Quality control

The Archive is at the forefront of developing international standards for data processing, for quantitative and qualitative data processing.

We use different levels of quality control depending on how much ‘additional value’ is to be added to the data.

We assign one of four levels of data processing to each incoming study, depending on anticipated future usage (A*, A, B or C). Data review, privacy assessment, and content checks and validation are critical.

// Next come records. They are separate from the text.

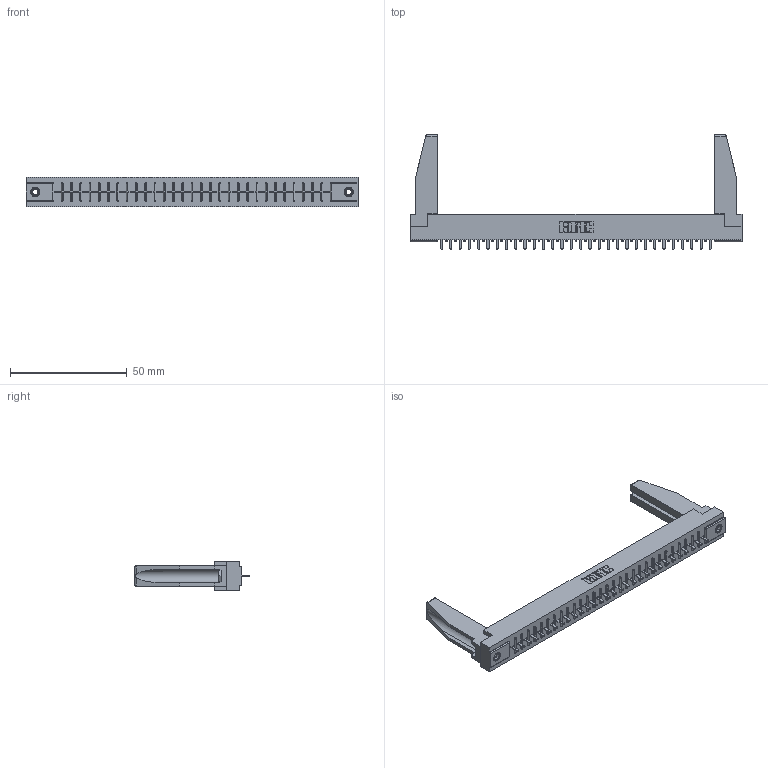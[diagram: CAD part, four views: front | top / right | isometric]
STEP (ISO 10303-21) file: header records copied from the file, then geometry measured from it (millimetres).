
FILE_DESCRIPTION (( 'STEP AP203' ), '1' );
FILE_NAME ('316-030-521-178.STEP', '2018-07-31T03:24:03', ( '' ), ( '' ), 'SwSTEP 2.0', 'SolidWorks 2016', '' );
FILE_SCHEMA (( 'CONFIG_CONTROL_DESIGN' ));
Length unit declared in the file: inch
Products named in the file (5): 307-220-078; 316-030-521-178; 306 Part_.156 Dia; 306-290-001_121; 345-250-001_345-250-001-102
Assembly tree (35 placements, depth 2):
  316-030-521-178
    306 Part_.156 Dia
    306-290-001_121  x30
    345-250-001_345-250-001-102  x2
    307-220-078  x2
Bounding box: 141.88 x 48.92 x 12.7 mm (x, y, z)
Volume: 19541.2 mm3; surface area: 19429.9 mm2
Topology: 35 solids, 35 shells, 2346 faces, 6556 edges, 4200 vertices
Faces by surface type: plane 1562, cylinder 648, sphere 120, cone 12, torus 4
Entity records: 31926 total; most frequent: CARTESIAN_POINT 5359, ORIENTED_EDGE 5270, DIRECTION 5237, EDGE_CURVE 2635, LINE 2057, VECTOR 2057, VERTEX_POINT 1670, AXIS2_PLACEMENT_3D 1590
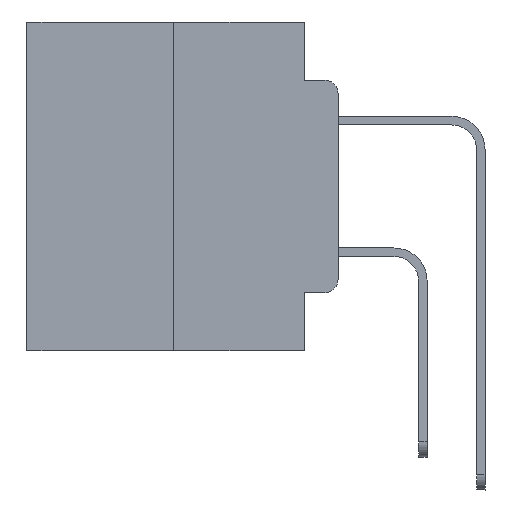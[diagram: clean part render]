
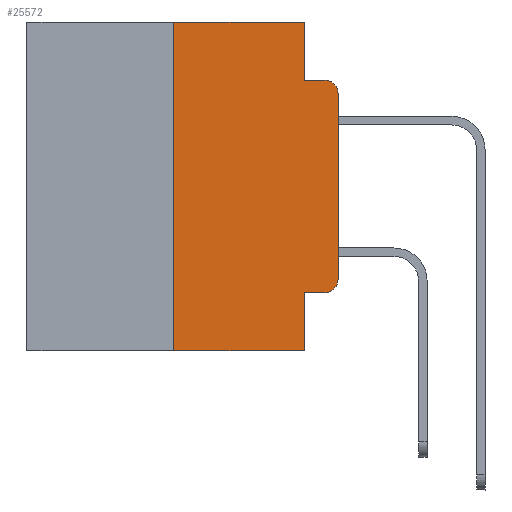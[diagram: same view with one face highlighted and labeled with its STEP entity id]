
A CAD part, left-side view. The second image highlights one B-rep face of the part: STEP entity #25572.
In plain terms, the highlighted planar face has unit normal (-1, 0, 0).
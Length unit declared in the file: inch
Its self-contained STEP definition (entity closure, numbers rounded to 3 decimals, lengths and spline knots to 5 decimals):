
#29 = DIRECTION ( 'NONE',  ( 0., -1., 0. ) ) ;
#83 = DIRECTION ( 'NONE',  ( 0., -1., 0. ) ) ;
#188 = EDGE_CURVE ( 'NONE', #13512, #18082, #9195, .T. ) ;
#240 = CARTESIAN_POINT ( 'NONE',  ( 0., 0.051, -0.0885 ) ) ;
#314 = CARTESIAN_POINT ( 'NONE',  ( 0., 0.02, -0.0885 ) ) ;
#466 = CARTESIAN_POINT ( 'NONE',  ( 0., 0.051, 0. ) ) ;
#577 = CARTESIAN_POINT ( 'NONE',  ( 0., 0.051, -0.0885 ) ) ;
#767 = CIRCLE ( 'NONE', #22059, 0.02 ) ;
#892 = CARTESIAN_POINT ( 'NONE',  ( 0., 0., 0. ) ) ;
#1604 = AXIS2_PLACEMENT_3D ( 'NONE', #3013, #21350, #19277 ) ;
#2238 = EDGE_CURVE ( 'NONE', #17097, #25896, #7556, .T. ) ;
#2462 = CARTESIAN_POINT ( 'NONE',  ( 0., 0.051, -0.4115 ) ) ;
#2566 = CARTESIAN_POINT ( 'NONE',  ( 0., 0.25, -0.5 ) ) ;
#3013 = CARTESIAN_POINT ( 'NONE',  ( 0., 0.02, -0.3915 ) ) ;
#3143 = CARTESIAN_POINT ( 'NONE',  ( 0., 0.25, 0. ) ) ;
#3380 = ORIENTED_EDGE ( 'NONE', *, *, #3652, .F. ) ;
#3582 = CARTESIAN_POINT ( 'NONE',  ( 0., 0.473, 0. ) ) ;
#3652 = EDGE_CURVE ( 'NONE', #5473, #27436, #4929, .T. ) ;
#3845 = CARTESIAN_POINT ( 'NONE',  ( 0., 0., -0.1085 ) ) ;
#3953 = VECTOR ( 'NONE', #27276, 39.37008 ) ;
#4034 = FACE_OUTER_BOUND ( 'NONE', #17146, .T. ) ;
#4355 = LINE ( 'NONE', #24919, #13659 ) ;
#4866 = CARTESIAN_POINT ( 'NONE',  ( 0., 0.25, 0. ) ) ;
#4929 = LINE ( 'NONE', #3143, #11040 ) ;
#5051 = ORIENTED_EDGE ( 'NONE', *, *, #12981, .T. ) ;
#5473 = VERTEX_POINT ( 'NONE', #2566 ) ;
#6499 = VERTEX_POINT ( 'NONE', #314 ) ;
#7221 = ORIENTED_EDGE ( 'NONE', *, *, #29108, .T. ) ;
#7556 = LINE ( 'NONE', #466, #18891 ) ;
#7664 = ORIENTED_EDGE ( 'NONE', *, *, #13264, .F. ) ;
#7984 = ORIENTED_EDGE ( 'NONE', *, *, #2238, .F. ) ;
#8680 = DIRECTION ( 'NONE',  ( -1., 0., 0. ) ) ;
#9007 = EDGE_CURVE ( 'NONE', #5473, #18082, #4355, .T. ) ;
#9189 = VERTEX_POINT ( 'NONE', #19699 ) ;
#9195 = LINE ( 'NONE', #18223, #3953 ) ;
#9214 = DIRECTION ( 'NONE',  ( 0., 0., 1. ) ) ;
#9650 = VERTEX_POINT ( 'NONE', #3845 ) ;
#10762 = CARTESIAN_POINT ( 'NONE',  ( 0., 0.02, -0.1085 ) ) ;
#10862 = DIRECTION ( 'NONE',  ( 0., -1., 0. ) ) ;
#11040 = VECTOR ( 'NONE', #9214, 39.37008 ) ;
#11886 = EDGE_CURVE ( 'NONE', #13512, #12898, #16207, .T. ) ;
#12185 = ORIENTED_EDGE ( 'NONE', *, *, #20729, .F. ) ;
#12315 = ORIENTED_EDGE ( 'NONE', *, *, #12469, .T. ) ;
#12469 = EDGE_CURVE ( 'NONE', #12898, #9189, #27140, .T. ) ;
#12898 = VERTEX_POINT ( 'NONE', #19241 ) ;
#12981 = EDGE_CURVE ( 'NONE', #9189, #9650, #23250, .T. ) ;
#13042 = PLANE ( 'NONE',  #25660 ) ;
#13235 = LINE ( 'NONE', #17503, #15631 ) ;
#13264 = EDGE_CURVE ( 'NONE', #25896, #6499, #22744, .T. ) ;
#13512 = VERTEX_POINT ( 'NONE', #26000 ) ;
#13659 = VECTOR ( 'NONE', #29, 39.37008 ) ;
#14627 = ORIENTED_EDGE ( 'NONE', *, *, #11886, .T. ) ;
#15631 = VECTOR ( 'NONE', #10862, 39.37008 ) ;
#15754 = CARTESIAN_POINT ( 'NONE',  ( 0., 0.051, -0.5 ) ) ;
#16207 = LINE ( 'NONE', #2462, #19534 ) ;
#17012 = DIRECTION ( 'NONE',  ( 0., 0., -1. ) ) ;
#17097 = VERTEX_POINT ( 'NONE', #19285 ) ;
#17146 = EDGE_LOOP ( 'NONE', ( #5051, #7221, #7664, #7984, #12185, #3380, #25011, #22921, #14627, #12315 ) ) ;
#17503 = CARTESIAN_POINT ( 'NONE',  ( 0., 0.473, 0. ) ) ;
#18082 = VERTEX_POINT ( 'NONE', #15754 ) ;
#18223 = CARTESIAN_POINT ( 'NONE',  ( 0., 0.051, 0. ) ) ;
#18236 = DIRECTION ( 'NONE',  ( 0., 0., -1. ) ) ;
#18891 = VECTOR ( 'NONE', #18236, 39.37008 ) ;
#19241 = CARTESIAN_POINT ( 'NONE',  ( 0., 0.02, -0.4115 ) ) ;
#19277 = DIRECTION ( 'NONE',  ( 0., 0., -1. ) ) ;
#19285 = CARTESIAN_POINT ( 'NONE',  ( 0., 0.051, 0. ) ) ;
#19534 = VECTOR ( 'NONE', #83, 39.37008 ) ;
#19699 = CARTESIAN_POINT ( 'NONE',  ( 0., 0., -0.3915 ) ) ;
#20729 = EDGE_CURVE ( 'NONE', #27436, #17097, #13235, .T. ) ;
#21350 = DIRECTION ( 'NONE',  ( -1., 0., 0. ) ) ;
#22059 = AXIS2_PLACEMENT_3D ( 'NONE', #10762, #8680, #28550 ) ;
#22559 = VECTOR ( 'NONE', #25273, 39.37008 ) ;
#22744 = LINE ( 'NONE', #240, #22559 ) ;
#22921 = ORIENTED_EDGE ( 'NONE', *, *, #188, .F. ) ;
#23250 = LINE ( 'NONE', #892, #28984 ) ;
#24919 = CARTESIAN_POINT ( 'NONE',  ( 0., 0.473, -0.5 ) ) ;
#25011 = ORIENTED_EDGE ( 'NONE', *, *, #9007, .T. ) ;
#25273 = DIRECTION ( 'NONE',  ( 0., -1., 0. ) ) ;
#25343 = DIRECTION ( 'NONE',  ( 0., 0., 1. ) ) ;
#25572 = ADVANCED_FACE ( 'NONE', ( #4034 ), #13042, .F. ) ;
#25660 = AXIS2_PLACEMENT_3D ( 'NONE', #3582, #28607, #17012 ) ;
#25896 = VERTEX_POINT ( 'NONE', #577 ) ;
#26000 = CARTESIAN_POINT ( 'NONE',  ( 0., 0.051, -0.4115 ) ) ;
#27140 = CIRCLE ( 'NONE', #1604, 0.02 ) ;
#27276 = DIRECTION ( 'NONE',  ( 0., 0., -1. ) ) ;
#27436 = VERTEX_POINT ( 'NONE', #4866 ) ;
#28550 = DIRECTION ( 'NONE',  ( 0., 0., -1. ) ) ;
#28607 = DIRECTION ( 'NONE',  ( 1., 0., 0. ) ) ;
#28984 = VECTOR ( 'NONE', #25343, 39.37008 ) ;
#29108 = EDGE_CURVE ( 'NONE', #9650, #6499, #767, .T. ) ;

This is a summary of our content and validation checks. See UK Data Archive Data Processing Standards (PDF) for full details.

Quantitative data

Dataset dimension checks

Level A*: the number of cases and variables are checked against the documentation
Level A: as for A*
Level B: as for A*

Metadata checks

Level A*: the dataset must be comprehensible in itself - i.e. all variables should have variable labels and all categorical variables should have value labels
Level A: the dataset must be comprehensible in association with the documentation given to users
Level B: visual checks on quality are undertaken; action is taken for systematic problems

Data validity checks

Level A*: all categorical variables checked for out-of-range values/wild codes; where possible, interval variables checked for improbable or impossible values; variable and value labels need not be present in the data file as long as they can be found in the documentation
Level A: as for A*
Level B: visual checks on quality are undertaken; action is taken for systematic problems

Confidentiality checks

Level A*, A and B: always undertaken

Metadata enhancements

Level A*: for online browsing, the following may be added: literal question text, routing information and interviewers' instructions, frequencies and summary statistics, variable groups; bookmarked PDF user guides are produced; additional related resources may be provided on a dedicated web page; additional notes to users are given in the 'Read file'
Level A: bookmarked PDF user guides are produced; additional related resources may be provided on a dedicated web page; additional notes to users are given in the 'Read file'
Level B: bookmarked PDF user guides are produced; additional notes to users are given in the 'Read file'

ReShare

Level B: sample of 30 + 10 per cent of the remaining categorical variables must be checked for out-of-range values/wild codes; sample of 30 + 10 per cent of the remaining suitable interval variables must be checked for improbable or impossible values

Qualitative data

In addition to the levels above, most qualitative data collections are processed to A standard, with a select few being nominated for enhancement to A*. B and C are seldom used, but apply when handling older paper-based studies.

Level A*

data are fully digitised and anonymised
metadata and documentation are fully digitised and anonymised
for online browsing, data are marked up in XML
enhanced user guide is prepared for QualiBank

Level A

the dataset must be comprehensible in association with the documentation given to users
data are fully digitised and anonymised
metadata and documentation are fully digitised and anonymised

Level B

data are digitised at least to the level of scanned images and anonymised
metadata and documentation are digitised at least to the level of scanned images and anonymised
only major problems with data are resolved

Level C

no checks are made
data remain in the format in which they were received
non-digital collections are not anonymised or digitised and are transferred to another repository
only a basic catalogue record is created

For level C studies, a minimum of dataset dimension checks and confidentiality checks is carried out, with metadata enhancements as for B studies.

Format translation checks

Check are carried out when converting from:

the ingested format to our preservation format (tagged or delimited text of defined character set)
the preservation format to the dissemination formats (Stata and tab delimited text; or MS Excel, MS Access, SIR and SAS)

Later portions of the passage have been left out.